# Lost vape Thelema /Smok Thallo



## Spongebob (8/12/20)

Anyone have experience with the above wanna treat myself with a xmas gift and quite like the look of it but heard some rumbles about it , basically looking for a podmod similar to aegis boost? 

Waned the boost pro kit but not released here yet 

Sent from my LYA-L09 using Tapatalk

Reactions: Like 1


----------



## Muchis (8/12/20)

Do you perhaps mean the lost vape Thelma or the smok thallo s?

Sent from my POCO F2 Pro using Tapatalk


----------



## Spongebob (8/12/20)

Muchis said:


> Do you perhaps mean the lost vape Thelma or the smok thalli s?
> 
> Sent from my POCO F2 Pro using Tapatalk


Thanks, corrected 

Sent from my SM-T725 using Tapatalk


----------



## Stranger (10/12/20)

Have a look at this too, might suit you

https://www.vapeking.co.za/rincoe-manto-max-228w-triple-system-pod-kit.html

Reactions: Like 1


----------



## KarlDP (10/12/20)

I'm using the Thelema currently and very happy with it.. 

Look at this review from @Timwis https://www.ecigssa.co.za/lost-vape-thelema-pod-mod-kit-review.t69400/#post-884428


----------



## SmokeyJoe (10/12/20)

Im not a fan of Smok and steer clear of the brand


----------



## Spongebob (10/12/20)

Stranger said:


> Have a look at this too, might suit you
> 
> https://www.vapeking.co.za/rincoe-manto-max-228w-triple-system-pod-kit.html


Thanks buddy but not a fan of dual battery? The lighter the better

Sent from my SM-T725 using Tapatalk


----------



## Spongebob (10/12/20)

KarlDP said:


> I'm using the Thelema currently and very happy with it..
> 
> Look at this review from @Timwis https://www.ecigssa.co.za/lost-vape-thelema-pod-mod-kit-review.t69400/#post-884428


For some reason i dislike the user interface of lost vape products? Seems so overly simplistic? That's about all that put me off from ordering it? 

Sent from my SM-T725 using Tapatalk


----------



## Spongebob (10/12/20)

SmokeyJoe said:


> Im not a fan of Smok and steer clear of the brand


Me too, but the scar p3 caught my eye  and in the interim I have ordered the innokon kroma z 

Sent from my SM-T725 using Tapatalk


----------



## adriaanh (10/12/20)

We're you ordering the Kroma Z from?


----------



## Spongebob (10/12/20)

Custom cloudz were the only one's with stock 

Sent from my SM-T725 using Tapatalk

Reactions: Like 1


----------



## Spongebob (10/12/20)

adriaanh said:


> We're you ordering the Kroma Z from?


Apologies should have tagged you 

Sent from my SM-T725 using Tapatalk

Reactions: Thanks 1


----------



## Jengz (10/12/20)

Spongebob said:


> Custom cloudz were the only one's with stock
> 
> Sent from my SM-T725 using Tapatalk


Im also so keen to order but the problem I'm having is who am i gonna get my coils from, thats the biggest issue with commercial coils, do you know if the device supports other coils?


----------



## Spongebob (10/12/20)

Jengz said:


> Im also so keen to order but the problem I'm having is who am i gonna get my coils from, thats the biggest issue with commercial coils, do you know if the device supports other coils?

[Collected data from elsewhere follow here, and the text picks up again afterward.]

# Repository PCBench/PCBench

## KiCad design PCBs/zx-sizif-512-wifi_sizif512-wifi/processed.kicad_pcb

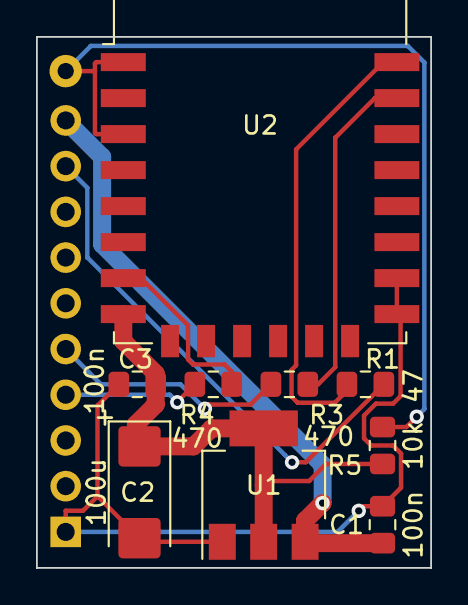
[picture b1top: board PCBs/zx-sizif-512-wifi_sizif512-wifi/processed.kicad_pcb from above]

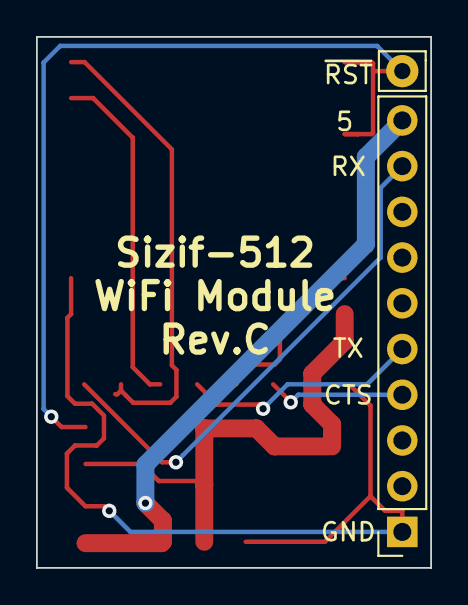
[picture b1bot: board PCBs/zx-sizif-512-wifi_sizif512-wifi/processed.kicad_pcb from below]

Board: 2 copper layers, 21.9 x 29.5 mm, 11 parts (2 on the bottom side), 10 nets.

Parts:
C1, C3: 100n; C_0805_2012Metric_Pad1.15x1.40mm_HandSolder
C2: 100u; CP_EIA-6032-15_Kemet-U_Pad2.25x2.35mm_HandSolder
J1: Conn_01x10; PinSocket_1x10_P2.54mm_Vertical
R1: 47; C_0805_2012Metric_Pad1.15x1.40mm_HandSolder
R3, R4: 470; C_0805_2012Metric_Pad1.15x1.40mm_HandSolder
R5: 10k; C_0805_2012Metric_Pad1.15x1.40mm_HandSolder
TP1: TestPoint; Pin_D0.9mm_L10.0mm_W2.4mm_FlatFork
U1: AMS1117-3.3; SOT-223-3_TabPin2
U2: ESP-12E

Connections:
+3V3: C2.1, C3.1, R5.2, U1.2, U2.8
+5V: C1.1, J1.10, U1.3
CTS: J1.4, R4.2
GND: C1.2, C2.2, C3.2, J1.1, U1.1, U2.15, U2.16
unnamed: R1.1, U2.22
unnamed: R3.1, U2.21
unnamed: R4.1, U2.7
unnamed: R5.1, TP1.1, U2.1, U2.3
RX: J1.9, R1.2
TX: J1.5, R3.2

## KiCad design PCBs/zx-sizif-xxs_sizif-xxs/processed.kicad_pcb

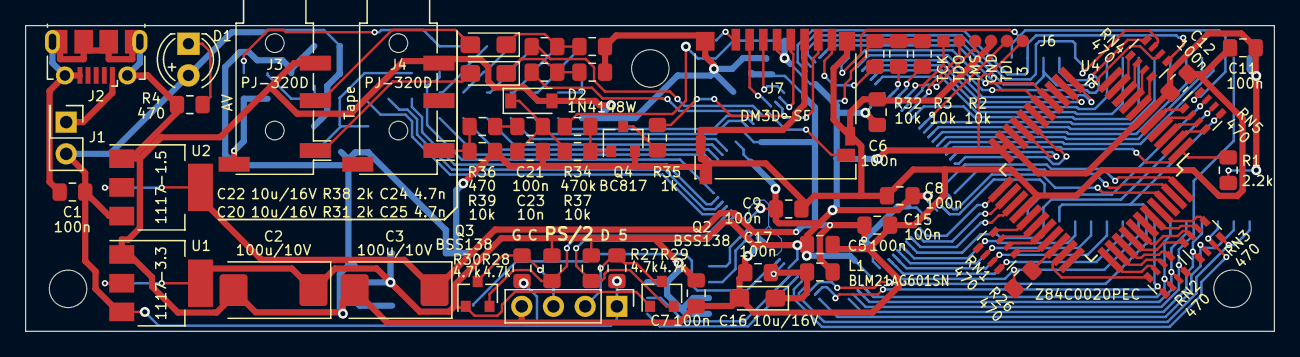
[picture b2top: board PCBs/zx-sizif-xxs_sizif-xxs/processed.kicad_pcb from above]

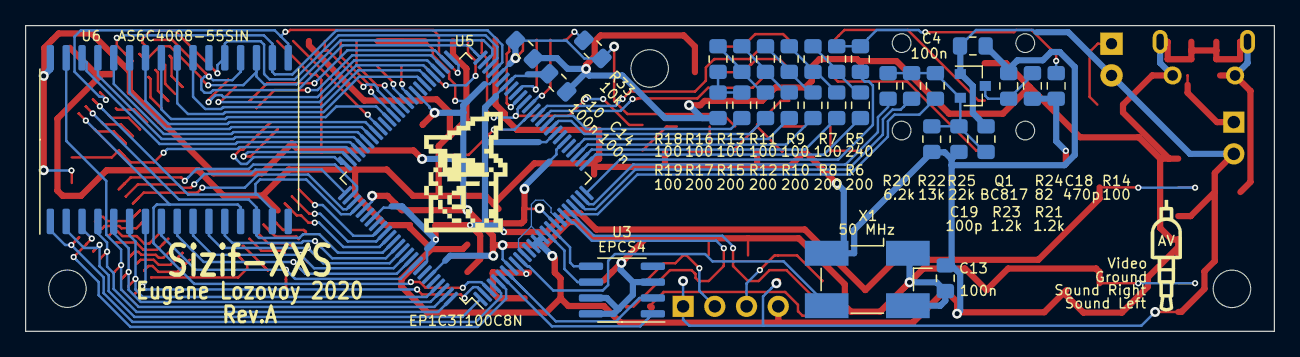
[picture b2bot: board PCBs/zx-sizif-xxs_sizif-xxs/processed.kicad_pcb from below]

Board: 2 copper layers, 100.0 x 24.5 mm, 95 parts (35 on the bottom side), 123 nets.

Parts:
C1, C4, C5, C6, C7, C8, C9, C10, C11, C12, C13, C14, C15, C17, C21: 100n; C_0805_2012Metric_Pad1.15x1.40mm_HandSolder
C2, C3: 100u/10V; CP_EIA-7343-31_Kemet-D_Pad2.25x2.55mm_HandSolder
C16, C20, C22: 10u/16V; CP_EIA-3216-18_Kemet-A_Pad1.58x1.35mm_HandSolder
C18: 470p; C_0805_2012Metric_Pad1.15x1.40mm_HandSolder
C19: 100p; C_0805_2012Metric_Pad1.15x1.40mm_HandSolder
C23: 10n; C_0805_2012Metric_Pad1.15x1.40mm_HandSolder
C24, C25: 4.7n; C_0805_2012Metric_Pad1.15x1.40mm_HandSolder
D1: LED; LED_D4.0mm
D2: 1N4148W; D_SOD-123
H1, H2, H3: MountingHole; MountingHole_3mm
J1: Pin header 1x2 Pitch=2.54mm; PinHeader_2x01_P2.54mm_Vertical
J2: USB_B_Micro; USB_Micro-B_Molex-105017-0001
J3, J4: PJ-320D; Jack_3.5mm_PJ320D_Horizontal
J5: Pin header 1x4 Pitch=2.54mm; PinHeader_1x04_P2.54mm_Vertical
J6: Solder points; PinPoints_1x06_P1.27mm
J7: DM3D-SF; microSD_HC_Hirose_DM3D-SF
L1: BLM21AG601SN; L_0805_2012Metric_Pad1.15x1.40mm_HandSolder
LOGO1: graphic; black-mage3
LOGO2: Jack35; jack35_4pin
Q1, Q4: BC817; SOT-23
Q2, Q3: BSS138; SOT-23
R1: 2.2k; R_0805_2012Metric_Pad1.15x1.40mm_HandSolder
R2, R3, R32, R33, R37, R39: 10k; R_0805_2012Metric_Pad1.15x1.40mm_HandSolder
R4, R26, R36: 470; R_0805_2012Metric_Pad1.15x1.40mm_HandSolder
R5: 240; R_0805_2012Metric_Pad1.15x1.40mm_HandSolder
R6, R8, R10, R12, R15, R17: 200; R_0805_2012Metric_Pad1.15x1.40mm_HandSolder
R7, R9, R11, R13, R14, R16, R18, R19: 100; R_0805_2012Metric_Pad1.15x1.40mm_HandSolder
R20: 6.2k; R_0805_2012Metric_Pad1.15x1.40mm_HandSolder
R21, R23: 1.2k; R_0805_2012Metric_Pad1.15x1.40mm_HandSolder
R22: 13k; R_0805_2012Metric_Pad1.15x1.40mm_HandSolder
R24: 82; R_0805_2012Metric_Pad1.15x1.40mm_HandSolder
R25: 22k; R_0805_2012Metric_Pad1.15x1.40mm_HandSolder
R27, R28, R29, R30: 4.7k; R_0805_2012Metric_Pad1.15x1.40mm_HandSolder
R31, R38: 2k; R_0805_2012Metric_Pad1.15x1.40mm_HandSolder
R34: 470k; R_0805_2012Metric_Pad1.15x1.40mm_HandSolder
R35: 1k; R_0805_2012Metric_Pad1.15x1.40mm_HandSolder
RN1, RN2, RN3, RN4, RN5: 470; R_Array_Convex_4x0603
U1: 1117-3.3; SOT-223-3_TabPin2
U2: 1117-1.5; SOT-223-3_TabPin2
U3: EPCS4; SOIC-8_3.9x4.9mm_P1.27mm
U4: Z84C0020PEC; TQFP-44_14x14mm_P0.8mm
U5: EP1C3T100C8N; TQFP-100_14x14mm_P0.5mm
U6: AS6C4008-55SIN; SSOP-32_11.305x20.495mm_P1.27mm
X1: 50 MHz; Oscillator_SMD_EuroQuartz_XO91-4Pin_7.0x5.0mm_HandSoldering

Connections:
1V5_PLL: C16.1, C17.2, L1.2, U5.9
+1V5: C3.1, C14.1, C15.2, L1.1, U2.2, U5.33, U5.44, U5.82, U5.93
+3V3: C2.1, C5.2, C6.1, C7.1, C8.1, C9.1, C10.1, C11.1, C12.1, C13.1, J6.6, J7.4, Q2.1, Q3.1, R1.2, R2.1, R3.1, R27.2, R28.2, R32.1, R33.1, R34.2, U1.2, U3.3, U3.7, U3.8, U4.6, U4.21, U4.22, U5.8, U5.18, U5.31, U5.46, U5.59, U5.80, U5.95, U6.32, X1.1, X1.4
+5V: C1.2, C4.2, D1.2, J1.2, J5.1, Q1.1, R21.1, R29.2, R30.2, U1.3, U2.3
/A0: RN1.8, U4.27
/A1: RN1.7, U4.28
/A2: RN1.6, U4.29
/A3: RN1.5, U4.30
/A4: R26.2, U4.31
/A5: RN2.8, U4.32
/A6: RN2.7, U4.34
/A7: RN2.6, U4.35
/A8: RN2.5, U4.36
/A9: RN3.8, U4.37
/A10: RN3.7, U4.38
/A11: RN3.6, U4.40
/A12: RN3.5, U4.41
/A13: U4.42, U5.78
/A14: U4.43, U5.76
/A15: U4.44, U5.77
/CLK: U5.10, X1.3
/CLKCPU: R1.1, U4.1, U5.73
/Chroma0: R25.1, U5.22
/Chroma1: R22.1, U5.23
/Chroma2: R20.1, U5.24
/Csync: R5.1, U5.25
/D0: RN4.6, U4.9
/D1: RN4.5, U4.10
/D2: RN4.8, U4.7
/D3: RN5.7, U4.3
/D4: RN5.8, U4.2
/D5: RN5.6, U4.4
/D6: RN5.5, U4.5
/D7: RN4.7, U4.8
/EPCS_ASD: U3.5, U5.17
/EPCS_DATA: U3.2, U5.7
/EPCS_DCLK: U3.6, U5.16
/PS2_CLK: Q3.2, R28.1, U5.21
/PS2_DAT: Q2.2, R27.1, U5.20
/SD_CD: J7.9, U5.38
/SD_CS: J7.2, U5.39
/SD_MISO\TAPE: J7.7, R35.2, U5.40
/SD_MOSI: J7.3, U5.42
/SD_SCK: J7.5, U5.41
/SND_DAC_L: R31.1, U5.36
/SND_DAC_R: R38.1, U5.37
/SND_L: C20.2, J3.T
/SND_R: C22.2, J3.R1
/TAPE_IN: J4.T, R36.1, R39.1
/TCK: J6.1, U5.62
/TDI: J6.5, U5.67
/TDO: J6.2, U5.64
/TMS: J6.3, U5.63
/V0: R17.1, U5.35
/V1: R15.1, U5.34
/V2: R12.1, U5.29
/V3: R10.1, U5.28
/V4: R8.1, U5.27
/V5: R6.1, U5.26
/VA0: RN1.1, U5.88, U6.12
/VA1: RN1.2, U5.89, U6.11
/VA2: RN1.3, U5.90, U6.10
/VA3: RN1.4, U5.91, U6.9
/VA4: R26.1, U5.92, U6.8
/VA5: RN2.1, U5.2, U6.7
/VA6: RN2.2, U5.97, U6.6
/VA7: RN2.3, U5.98, U6.5
/VA8: RN2.4, U5.99, U6.31
/VA9: RN3.1, U5.100, U6.4
/VA10: RN3.2, U5.1, U6.2
/VA11: RN3.3, U5.5, U6.3
/VA12: RN3.4, U5.4, U6.1
/VA13: U5.70, U6.28
/VA14: U5.56, U6.23
/VA15: U5.69, U6.27
/VA16: U5.65, U6.25
/VA17: U5.72, U6.30
/VA18: U5.68, U6.26
/VD0: RN4.3, U5.48, U6.21
/VD1: RN4.4, U5.50, U6.20
/VD2: RN4.1, U5.47, U6.18
/VD3: RN5.2, U5.87, U6.14
/VD4: RN5.1, U5.3, U6.13
/VD5: RN5.3, U5.79, U6.15
/VD6: RN5.4, U5.51, U6.17
/VD7: RN4.2, U5.49, U6.19
/Video: C18.2, J3.S, R14.1
/~EPCS_CS: U3.1, U5.6
/~INT: U4.12, U5.54
/~IORQ: U4.16, U5.53
/~M1: U4.24, U5.85
/~MREQ: U4.15, U5.52
/~NMI: U4.13, U5.55
/~RD: U4.18, U5.75
/~RFSH: U4.25, U5.86
/~RSTCPU: U4.23, U5.84
/~VRD: U5.57, U6.24
/~VWR: U5.71, U6.29
/~WR: U4.19, U5.74
GND: C1.1, C2.2, C3.2, C4.1, C5.1, C6.2, C7.2, C8.2, C9.2, C10.2, C11.2, C12.2, C13.2, C14.2, C15.1, C16.2, C17.1, C19.2, C23.2, C24.2, C25.2, D2.2, J2.5, J2.6, J3.R2, J4.R2, J5.4, J6.4, J7.6, J7.10, J7.11, Q4.2, R4.2, R19.1, R23.1, R24.1, R39.2, U1.1, U2.1, U4.26, U5.11, U5.13, U5.14, U5.15, U5.19, X1.2
unnamed: C18.1, Q1.3, R24.2
unnamed: C19.1, Q1.2, R20.2, R21.2, R22.2, R23.2, R25.2
unnamed: C20.1, C25.1, R31.2
unnamed: C21.1, C23.1, D2.1, R37.1
unnamed: C21.2, R36.2
unnamed: C22.1, C24.1, R38.2
unnamed: D1.1, R4.1
unnamed: J1.1, J2.1
unnamed: J5.2, Q2.3, R29.1
unnamed: J5.3, Q3.3, R30.1
unnamed: J7.1, R33.2
unnamed: J7.8, R32.2
unnamed: Q4.1, R34.1, R37.2
unnamed: Q4.3, R35.1
unnamed: R2.2, U5.61
unnamed: R3.2, U5.60
unnamed: R6.2, R7.1, R9.2
unnamed: R10.2, R11.1, R13.2
unnamed: R8.2, R9.1, R11.2
unnamed: R12.2, R13.1, R16.2
unnamed: R5.2, R7.2, R14.2
unnamed: R15.2, R16.1, R18.2
unnamed: R17.2, R18.1, R19.2

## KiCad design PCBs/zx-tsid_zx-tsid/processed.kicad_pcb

Yeah i really like the look of it and they stock coils as well  over the seas there is already a 510 adapter and rba as well, so should be landing here soon 

Sent from my SM-T725 using Tapatalk


----------



## Spongebob (10/12/20)

It seems they will soon run out of stock  luckily mine and extra coils should reach me tomorrow 

Sent from my SM-T725 using Tapatalk


----------



## Jengz (10/12/20)

Spongebob said:


> Yeah i really like the look of it and they stock coils as well  over the seas there is already a 510 adapter and rba as well, so should be landing here soon
> 
> Sent from my SM-T725 using Tapatalk


But they only have the 0.3 ohm coils in stock, I'm in need of mtl goodness


----------



## Spongebob (10/12/20)

Jengz said:


> But they only have the 0.3 ohm coils in stock, I'm in need of mtl goodness


If I remember correctly you get mtl in the initial pack? 

Sent from my SM-T725 using Tapatalk


----------



## Spongebob (10/12/20)

Word to the wise, the scar uses normal rpm coils 

Sent from my SM-T725 using Tapatalk


----------



## Spongebob (16/12/20)

Jengz said:


> But they only have the 0.3 ohm coils in stock, I'm in need of mtl goodness


Just noticed now, the Z coils are actually the same as the Zlide, Zenith coils  just renamed the vape guy had but sold out

Sent from my LYA-L09 using Tapatalk

Reactions: Informative 1


----------